# Why is she so nasty?



## mrnice (Aug 11, 2009)

Long story short.

She played up 3 times.
We seperated.
She admitted fault for the seperation 
She also has Bi-polar.

We were amicable at the start then you know the old story ,people started getting in her ear. You know the usual comments
"Screw him for as much as you can get"
"Hire a lawyer and take him to court"
"You deserve 75%"
"Don't let him have the kids" 
etc etc

Well, she became very very nasty and started with all this garbage. She has turned into the evil EX.

I have tried as much as I possibly can to keep my cool in this whole saga.

Last week I'd had enough so I served it up to her in a nice way, trying to educate her on how evil she has become, how she is affecting the children etc etc. Asked her why she treats me like garbage and is totally disrespectful.

She keeps trying to tell me that Im the one screwing her over etc.

Some people told me, She will never be happy no matter what. 

Anyone got an opinion on how you would deal with this sort of unjust behaviour?
Do I just let it go, ignore it? 
It's hard not to since she's using the kids as pawn.

Thanks in advance.


----------



## Help239 (Oct 20, 2009)

Read my thread. It will help. Been 9 months and my stb-xw is still vindictive. Take the high road.

Tonight I called to say goodnight to the kids. In the middle of a conversation with our son her phone gets another call. She takes the phone, hangs up on me, and answers the other call. Guess who, the OM. I call back and the other kids told me what happened. Yeah, she's a jerk but really what's important is I got to say goodnight to the kids.


----------



## Brewster 59 (Jun 19, 2010)

Well if the Biatch has lawyered up then you are forced to do the same. It amazes me how stupid people can be, if you go to a mediator your looking at about 2Gs, lawyer and your looking at 10-30K. Usually its the women looking for a free ride but really most of the property division has set laws on how it is to be divided and the only ones that win is the lawyers.


----------



## mrnice (Aug 11, 2009)

Help239 said:


> Read my thread. It will help. Been 9 months and my stb-xw is still vindictive. Take the high road.
> 
> Tonight I called to say goodnight to the kids. In the middle of a conversation with our son her phone gets another call. She takes the phone, hangs up on me, and answers the other call. Guess who, the OM. I call back and the other kids told me what happened. Yeah, she's a jerk but really what's important is I got to say goodnight to the kids.

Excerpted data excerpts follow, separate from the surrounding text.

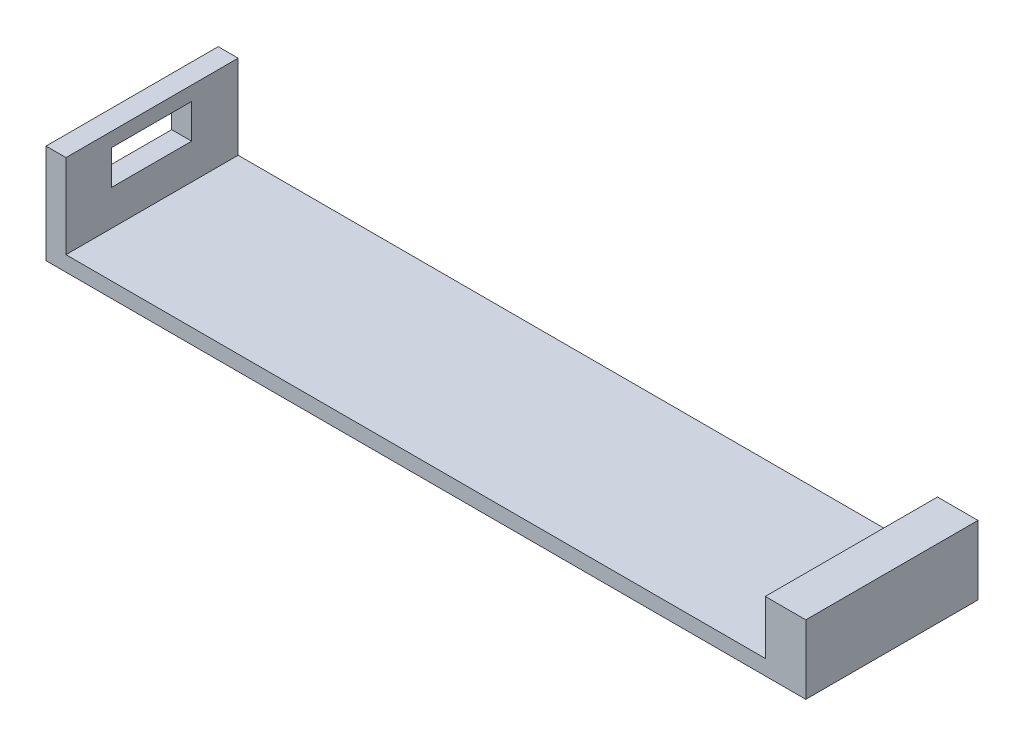
ISO-10303-21;
HEADER;
FILE_DESCRIPTION(('STEP AP214'),'2;1');
FILE_NAME('part.step','',(''),(''),'','','');
FILE_SCHEMA(('AUTOMOTIVE_DESIGN { 1 0 10303 214 1 1 1 1 }'));
ENDSEC;
DATA;
#1=APPLICATION_CONTEXT('core data for automotive mechanical design processes');
#2=APPLICATION_PROTOCOL_DEFINITION('international standard','automotive_design',2000,#1);
#3=PRODUCT_CONTEXT('',#1,'mechanical');
#4=PRODUCT('Part','Part','',(#3));
#5=PRODUCT_RELATED_PRODUCT_CATEGORY('part','',(#4));
#6=PRODUCT_DEFINITION_FORMATION('','',#4);
#7=PRODUCT_DEFINITION_CONTEXT('part definition',#1,'design');
#8=PRODUCT_DEFINITION('design','',#6,#7);
#9=PRODUCT_DEFINITION_SHAPE('','',#8);
#10=(LENGTH_UNIT() NAMED_UNIT(*) SI_UNIT(.MILLI.,.METRE.));
#11=(NAMED_UNIT(*) PLANE_ANGLE_UNIT() SI_UNIT($,.RADIAN.));
#12=(NAMED_UNIT(*) SI_UNIT($,.STERADIAN.) SOLID_ANGLE_UNIT());
#13=UNCERTAINTY_MEASURE_WITH_UNIT(LENGTH_MEASURE(1.E-05),#10,'distance_accuracy_value','');
#14=(GEOMETRIC_REPRESENTATION_CONTEXT(3) GLOBAL_UNCERTAINTY_ASSIGNED_CONTEXT((#13)) GLOBAL_UNIT_ASSIGNED_CONTEXT((#10,
#11,#12)) REPRESENTATION_CONTEXT('',''));
#15=CARTESIAN_POINT('',(0.,0.,0.));
#16=DIRECTION('',(0.,0.,1.));
#17=DIRECTION('',(1.,0.,0.));
#18=AXIS2_PLACEMENT_3D('',#15,#16,#17);
#19=CARTESIAN_POINT('',(0.,1.5,0.));
#20=DIRECTION('',(0.,1.,0.));
#21=DIRECTION('',(0.,0.,1.));
#22=AXIS2_PLACEMENT_3D('',#19,#20,#21);
#23=PLANE('',#22);
#24=DIRECTION('',(-1.,0.,0.));
#25=VECTOR('',#24,1.);
#26=CARTESIAN_POINT('',(-41.0507428233132,1.5,-0.513130140011073));
#27=LINE('',#26,#25);
#28=CARTESIAN_POINT('',(29.9492571766868,1.5,-0.513130140011073));
#29=VERTEX_POINT('',#28);
#30=CARTESIAN_POINT('',(-39.0814095867427,1.5,-0.513130140011073));
#31=VERTEX_POINT('',#30);
#32=EDGE_CURVE('E259',#29,#31,#27,.T.);
#33=ORIENTED_EDGE('',*,*,#32,.T.);
#34=DIRECTION('',(0.,0.,-1.));
#35=VECTOR('',#34,1.);
#36=CARTESIAN_POINT('',(-39.0814095867427,1.5,-0.513130140011073));
#37=LINE('',#36,#35);
#38=CARTESIAN_POINT('',(-39.0814095867427,1.5,16.4868698599889));
#39=VERTEX_POINT('',#38);
#40=EDGE_CURVE('E226',#39,#31,#37,.T.);
#41=ORIENTED_EDGE('',*,*,#40,.F.);
#42=DIRECTION('',(1.,0.,0.));
#43=VECTOR('',#42,1.);
#44=CARTESIAN_POINT('',(-41.0507428233132,1.5,16.4868698599889));
#45=LINE('',#44,#43);
#46=CARTESIAN_POINT('',(29.9492571766868,1.5,16.4868698599889));
#47=VERTEX_POINT('',#46);
#48=EDGE_CURVE('E39',#39,#47,#45,.T.);
#49=ORIENTED_EDGE('',*,*,#48,.T.);
#50=DIRECTION('',(0.,0.,1.));
#51=VECTOR('',#50,1.);
#52=CARTESIAN_POINT('',(29.9492571766868,1.5,-0.513130140011073));
#53=LINE('',#52,#51);
#54=EDGE_CURVE('E239',#29,#47,#53,.T.);
#55=ORIENTED_EDGE('',*,*,#54,.F.);
#56=EDGE_LOOP('',(#33,#41,#49,#55));
#57=FACE_BOUND('',#56,.T.);
#58=ADVANCED_FACE('F35',(#57),#23,.T.);
#59=CARTESIAN_POINT('',(-41.0507428233132,1.5,-0.513130140011073));
#60=DIRECTION('',(1.,0.,0.));
#61=DIRECTION('',(0.,0.,-1.));
#62=AXIS2_PLACEMENT_3D('',#59,#60,#61);
#63=PLANE('',#62);
#64=DIRECTION('',(0.,1.,0.));
#65=VECTOR('',#64,1.);
#66=CARTESIAN_POINT('',(-41.0507428233132,1.5,4.08076576542271));
#67=LINE('',#66,#65);
#68=CARTESIAN_POINT('',(-41.0507428233132,5.,4.08076576542271));
#69=VERTEX_POINT('',#68);
#70=CARTESIAN_POINT('',(-41.0507428233132,8.4,4.08076576542271));
#71=VERTEX_POINT('',#70);
#72=EDGE_CURVE('E182',#69,#71,#67,.T.);
#73=ORIENTED_EDGE('',*,*,#72,.T.);
#74=DIRECTION('',(0.,0.,1.));
#75=VECTOR('',#74,1.);
#76=CARTESIAN_POINT('',(-41.0507428233132,8.4,-0.513130140011071));
#77=LINE('',#76,#75);
#78=CARTESIAN_POINT('',(-41.0507428233132,8.4,11.9868698599889));
#79=VERTEX_POINT('',#78);
#80=EDGE_CURVE('E185',#71,#79,#77,.T.);
#81=ORIENTED_EDGE('',*,*,#80,.T.);
#82=DIRECTION('',(0.,-1.,0.));
#83=VECTOR('',#82,1.);
#84=CARTESIAN_POINT('',(-41.0507428233132,1.49999999999999,11.9868698599889));
#85=LINE('',#84,#83);
#86=CARTESIAN_POINT('',(-41.0507428233132,5.,11.9868698599889));
#87=VERTEX_POINT('',#86);
#88=EDGE_CURVE('E177',#79,#87,#85,.T.);
#89=ORIENTED_EDGE('',*,*,#88,.T.);
#90=DIRECTION('',(0.,0.,-1.));
#91=VECTOR('',#90,1.);
#92=CARTESIAN_POINT('',(-41.0507428233132,5.,-0.513130140011072));
#93=LINE('',#92,#91);
#94=EDGE_CURVE('E157',#87,#69,#93,.T.);
#95=ORIENTED_EDGE('',*,*,#94,.T.);
#96=EDGE_LOOP('',(#73,#81,#89,#95));
#97=FACE_BOUND('',#96,.T.);
#98=DIRECTION('',(0.,0.,1.));
#99=VECTOR('',#98,1.);
#100=CARTESIAN_POINT('',(-41.0507428233132,0.,-0.513130140011073));
#101=LINE('',#100,#99);
#102=CARTESIAN_POINT('',(-41.0507428233132,0.,-0.513130140011073));
#103=VERTEX_POINT('',#102);
#104=CARTESIAN_POINT('',(-41.0507428233132,0.,16.4868698599889));
#105=VERTEX_POINT('',#104);
#106=EDGE_CURVE('E266',#103,#105,#101,.T.);
#107=ORIENTED_EDGE('',*,*,#106,.T.);
#108=DIRECTION('',(0.,-1.,0.));
#109=VECTOR('',#108,1.);
#110=CARTESIAN_POINT('',(-41.0507428233132,1.5,16.4868698599889));
#111=LINE('',#110,#109);
#112=CARTESIAN_POINT('',(-41.0507428233132,9.8,16.4868698599889));
#113=VERTEX_POINT('',#112);
#114=EDGE_CURVE('E11',#113,#105,#111,.T.);
#115=ORIENTED_EDGE('',*,*,#114,.F.);
#116=DIRECTION('',(0.,0.,1.));
#117=VECTOR('',#116,1.);
#118=CARTESIAN_POINT('',(-41.0507428233132,9.8,-0.513130140011073));
#119=LINE('',#118,#117);
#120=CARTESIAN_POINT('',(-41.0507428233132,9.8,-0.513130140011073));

Yeh been on the high rd and don't want to sway. Yep I know exactly what you're talking about she does exactly what you said above. 

Unbelievable behaviour, makes me laugh when she says things like.
I hope you're so proud, you've screwed your family. You are so low. Everyone thinks your nowhere cause you screwed your family.

Im thinking, hmmm, they wouldn't be thinking that you screwed up the marriage cause you were bed hopping or that you've had three boyfriends since we split and that was only 4 months ago. 

Crazy how the mind thinks hey.


----------



## HappyHer (Nov 12, 2009)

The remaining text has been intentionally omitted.